Records excerpted from a collection
• • • • •

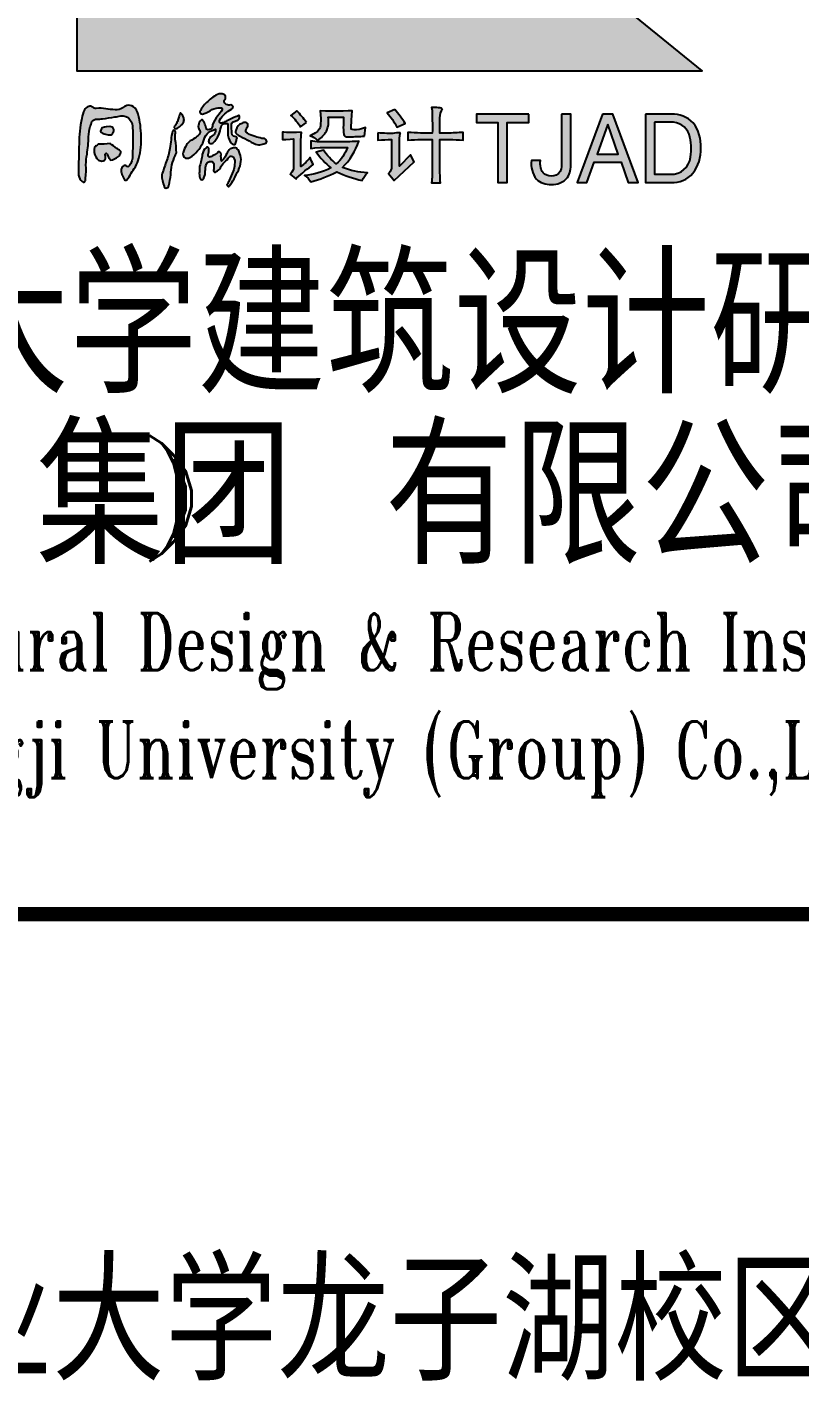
# Model space of a CAD drawing. Extents: x -336391 to 664021, y -458009 to -178412.
# Drawn here: x 33776 to 37042, y -428581 to -422861 of the extents above; entities that cross this region are included whole.
import ezdxf
from ezdxf.enums import TextEntityAlignment as Align

# ---------------------------------------------------------------- set-up
doc = ezdxf.new("R2010")
doc.units = 0
doc.header["$LTSCALE"] = 1000
doc.header["$MEASUREMENT"] = 0
doc.layers.get('0').update_dxf_attribs({"linetype": 'CONTINUOUS'})
doc.layers.add('A-墙线', color=7, linetype='CONTINUOUS')
doc.layers.add('图框', color=7, linetype='CONTINUOUS')
doc.styles.add('TKZ1_tjhts.shx', font='tjromant.shx', dxfattribs={"bigfont": 'tjhts.shx'})

# ---------------------------------------------------------------- blocks, each defined once
blk = doc.blocks.new('TJAD_TK_LOGO')
blk.add_hatch(color=256).paths.add_polyline_path([(0.3088, 0.2387, -0.055111), (0.2978, 0.218, -0.399817), (0.2889, 0.2131, -0.15154), (0.2813, 0.2164, -0.301448), (0.2805, 0.2256, 0.010306), (0.2893, 0.248, -0.01851), (0.2158, 0.3296, -0.103184), (0.1567, 0.4231, -0.120959), (0.1559, 0.5005, 0.063512), (0.1683, 0.6375, 0.024265), (0.1633, 0.7157, -0.039016), (0.1589, 0.7586, -0.148803), (0.1672, 0.7952, -0.063522), (0.1899, 0.8185, -0.021561), (0.1991, 0.8269), (0, 0.9887), (0, 0.0136), (1.2, 0.0136), (0.9015, 0.2562, -0.02734), (0.8698, 0.2318, -0.056811), (0.8015, 0.1955, -0.043653), (0.7428, 0.1781, 0.070224), (0.7398, 0.1676, -0.155586), (0.7336, 0.1464, -0.268078), (0.7145, 0.1445, 0.046034), (0.7138, 0.1514, -0.10837), (0.7157, 0.158, 0.067272), (0.7193, 0.1723, 0.007869), (0.606, 0.1714, -0.018474), (0.519, 0.1742, 0.089356), (0.5135, 0.1595, -0.084297), (0.509, 0.1441, -0.378712), (0.4979, 0.1366, -0.129516), (0.4872, 0.1418, 0.010082), (0.4893, 0.1483, -0.06366), (0.4927, 0.1585, -0.047427), (0.496, 0.17, 0.412458), (0.4928, 0.175, 0.04646), (0.4591, 0.1791, -0.083304), (0.3984, 0.1918, -0.056916)])
h = blk.add_hatch(color=256)
h.paths.add_polyline_path([(0.1087, -0.0549, 0.215782), (0.0955, -0.0527, 0.067417), (0.0878, -0.0572, -0.168397), (0.0723, -0.0608, -0.018722), (0.0557, -0.0587, 0.069135), (0.0371, -0.0584, -0.211583), (0.0322, -0.0571, 0.012327), (0.0271, -0.0542, 0.18165), (0.0227, -0.0546, 0.234564), (0.0145, -0.0607, 0.06939), (0.0092, -0.0773, 0.040114), (0.004, -0.1264, 0.00862), (0.0038, -0.1509, 0.034302), (0.0033, -0.1865, 0.240525), (0.0113, -0.1992, 0.151405), (0.014, -0.1995, 0.254247), (0.0165, -0.1924, 0.038225), (0.0174, -0.1663, -0.061608), (0.0194, -0.1463, 0.026815), (0.0223, -0.1127, -0.054652), (0.0257, -0.0929, -0.028262), (0.0289, -0.0835, -0.253686), (0.0385, -0.0789, 0.007206), (0.0489, -0.0782, -0.006599), (0.0729, -0.0746, 0.009999), (0.0841, -0.0723, -0.062381), (0.0934, -0.0735, -0.15567), (0.0993, -0.0771, -0.051163), (0.1052, -0.0853, -0.102101), (0.1065, -0.0911, -0.03095), (0.1072, -0.1291, 0.010088), (0.1069, -0.1503, -0.131285), (0.1038, -0.1627, -0.019629), (0.1006, -0.1683, -0.485137), (0.0962, -0.1696, 0.001583), (0.093, -0.1677, 0.165296), (0.0875, -0.1704, 0.24859), (0.0847, -0.1785, 0.066176), (0.0882, -0.1886, 0.038595), (0.0909, -0.1945, 0.378365), (0.0951, -0.1957, 0.077759), (0.1038, -0.1826, 0.016012), (0.1121, -0.17, 0.054651), (0.1183, -0.1552, 0.087206), (0.1231, -0.1116, 0.064902), (0.1173, -0.0684, 0.144064)])
h.paths.add_polyline_path([(0.0629, -0.0931), (0.0559, -0.0934), (0.0526, -0.0942), (0.0487, -0.0957), (0.0473, -0.0971), (0.0457, -0.0999, 0.333571), (0.0462, -0.1038, 0.045952), (0.0523, -0.1067, 0.064784), (0.0622, -0.1092, 0.210865), (0.0684, -0.1072, 0.127927), (0.0706, -0.102, 0.211886), (0.0696, -0.0958, 0.12013), (0.0674, -0.0941)], flags=17)
h.paths.add_polyline_path([(0.058, -0.146, -0.039434), (0.0609, -0.152, 0.054133), (0.0642, -0.1578, 0.123184), (0.0796, -0.1504, 0.140353), (0.0842, -0.1429, 0.284617), (0.0828, -0.1391, -0.012464), (0.0763, -0.135, 0.016141), (0.0639, -0.1258, -0.029736), (0.0406, -0.1269, -0.149024), (0.0367, -0.13, 0.190304), (0.0335, -0.134, 0.089845), (0.0332, -0.143, 0.171078), (0.0413, -0.1572, 0.249801), (0.0503, -0.1586, 0.378768), (0.055, -0.1529, 0.031236), (0.054, -0.1458), (0.0561, -0.1439)], flags=17)
h.paths.add_polyline_path([(0.1936, -0.0808, -0.130766), (0.1929, -0.0832, -0.049), (0.1889, -0.0904, 0.175351), (0.1867, -0.0955, 0.389375), (0.1886, -0.0971, 0.146359), (0.1966, -0.0935, 0.079034), (0.2024, -0.0886, 0.101244), (0.205, -0.0836, 0.132531), (0.2051, -0.0769, 0.067751), (0.2031, -0.0722, 0.050259), (0.1996, -0.0676, 0.454265), (0.198, -0.0678, 0.06765), (0.196, -0.0731, 0.007561)])
h.paths.add_polyline_path([(0.189, -0.104, 0.313541), (0.1862, -0.1002, 0.335576), (0.1832, -0.1018, 0.015792), (0.1784, -0.1349, -0.057755), (0.1712, -0.1608, 0.000363), (0.1628, -0.1859, 0.094511), (0.1671, -0.2072, 0.230423), (0.1705, -0.2113, 0.369117), (0.1764, -0.2058, 0.039319), (0.18, -0.1854, -0.109188), (0.1887, -0.1489, 0.00425), (0.1908, -0.1434, 0.032369), (0.1887, -0.118, -0.025515)])
h.paths.add_polyline_path([(0.251, -0.0452, 0.093827), (0.2363, -0.0633, 0.302072), (0.2373, -0.0679, 0.296548), (0.2444, -0.0681, 0.04254), (0.259, -0.0604, -0.129019), (0.2753, -0.0571, -0.117204), (0.2785, -0.0581, -0.328405), (0.2786, -0.0608, -0.051459), (0.2703, -0.0723, 0.085646), (0.2604, -0.09, 0.031903), (0.2597, -0.0932, -0.315533), (0.2562, -0.0979, -0.134544), (0.2509, -0.099, -0.408117), (0.2479, -0.0961, 0.035639), (0.2445, -0.0851, 0.084333), (0.2416, -0.0806, 0.358627), (0.239, -0.0802, 0.227473), (0.2329, -0.092, 0.148882), (0.235, -0.0994, -0.254787), (0.2358, -0.1059, -0.110418), (0.229, -0.1131, -0.032156), (0.2173, -0.1207, 0.122106), (0.2102, -0.1279, 0.074479), (0.2035, -0.1443, 0.233421), (0.2058, -0.152, 0.316166), (0.2167, -0.1523, 0.122903), (0.2315, -0.1397, 0.056501), (0.2413, -0.1246, -0.025506), (0.2474, -0.11, -0.174643), (0.2597, -0.1006, 0.004602), (0.2657, -0.0979, -0.251477), (0.2643, -0.107, -0.130218), (0.2586, -0.1116, 0.16089), (0.2539, -0.1165, 0.172735), (0.253, -0.123, 0.448793), (0.2607, -0.1246, 0.141971), (0.272, -0.1086, 0.057248), (0.2765, -0.0945, -0.334885), (0.2836, -0.0873, -0.076773), (0.2877, -0.0871, -0.545841), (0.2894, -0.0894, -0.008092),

• • • • •

Task prompt –
Above are some records; copy exactly the lines from the one with "doc.layers.add('图框', color=7, linetype='CONTINUOUS')" through the one with "blk = doc.blocks.new('TJAD_TK_LOGO')", both included, and no others.

Exercise answer –
doc.layers.add('图框', color=7, linetype='CONTINUOUS')
doc.styles.add('TKZ1_tjhts.shx', font='tjromant.shx', dxfattribs={"bigfont": 'tjhts.shx'})

# ---------------------------------------------------------------- blocks, each defined once
blk = doc.blocks.new('TJAD_TK_LOGO')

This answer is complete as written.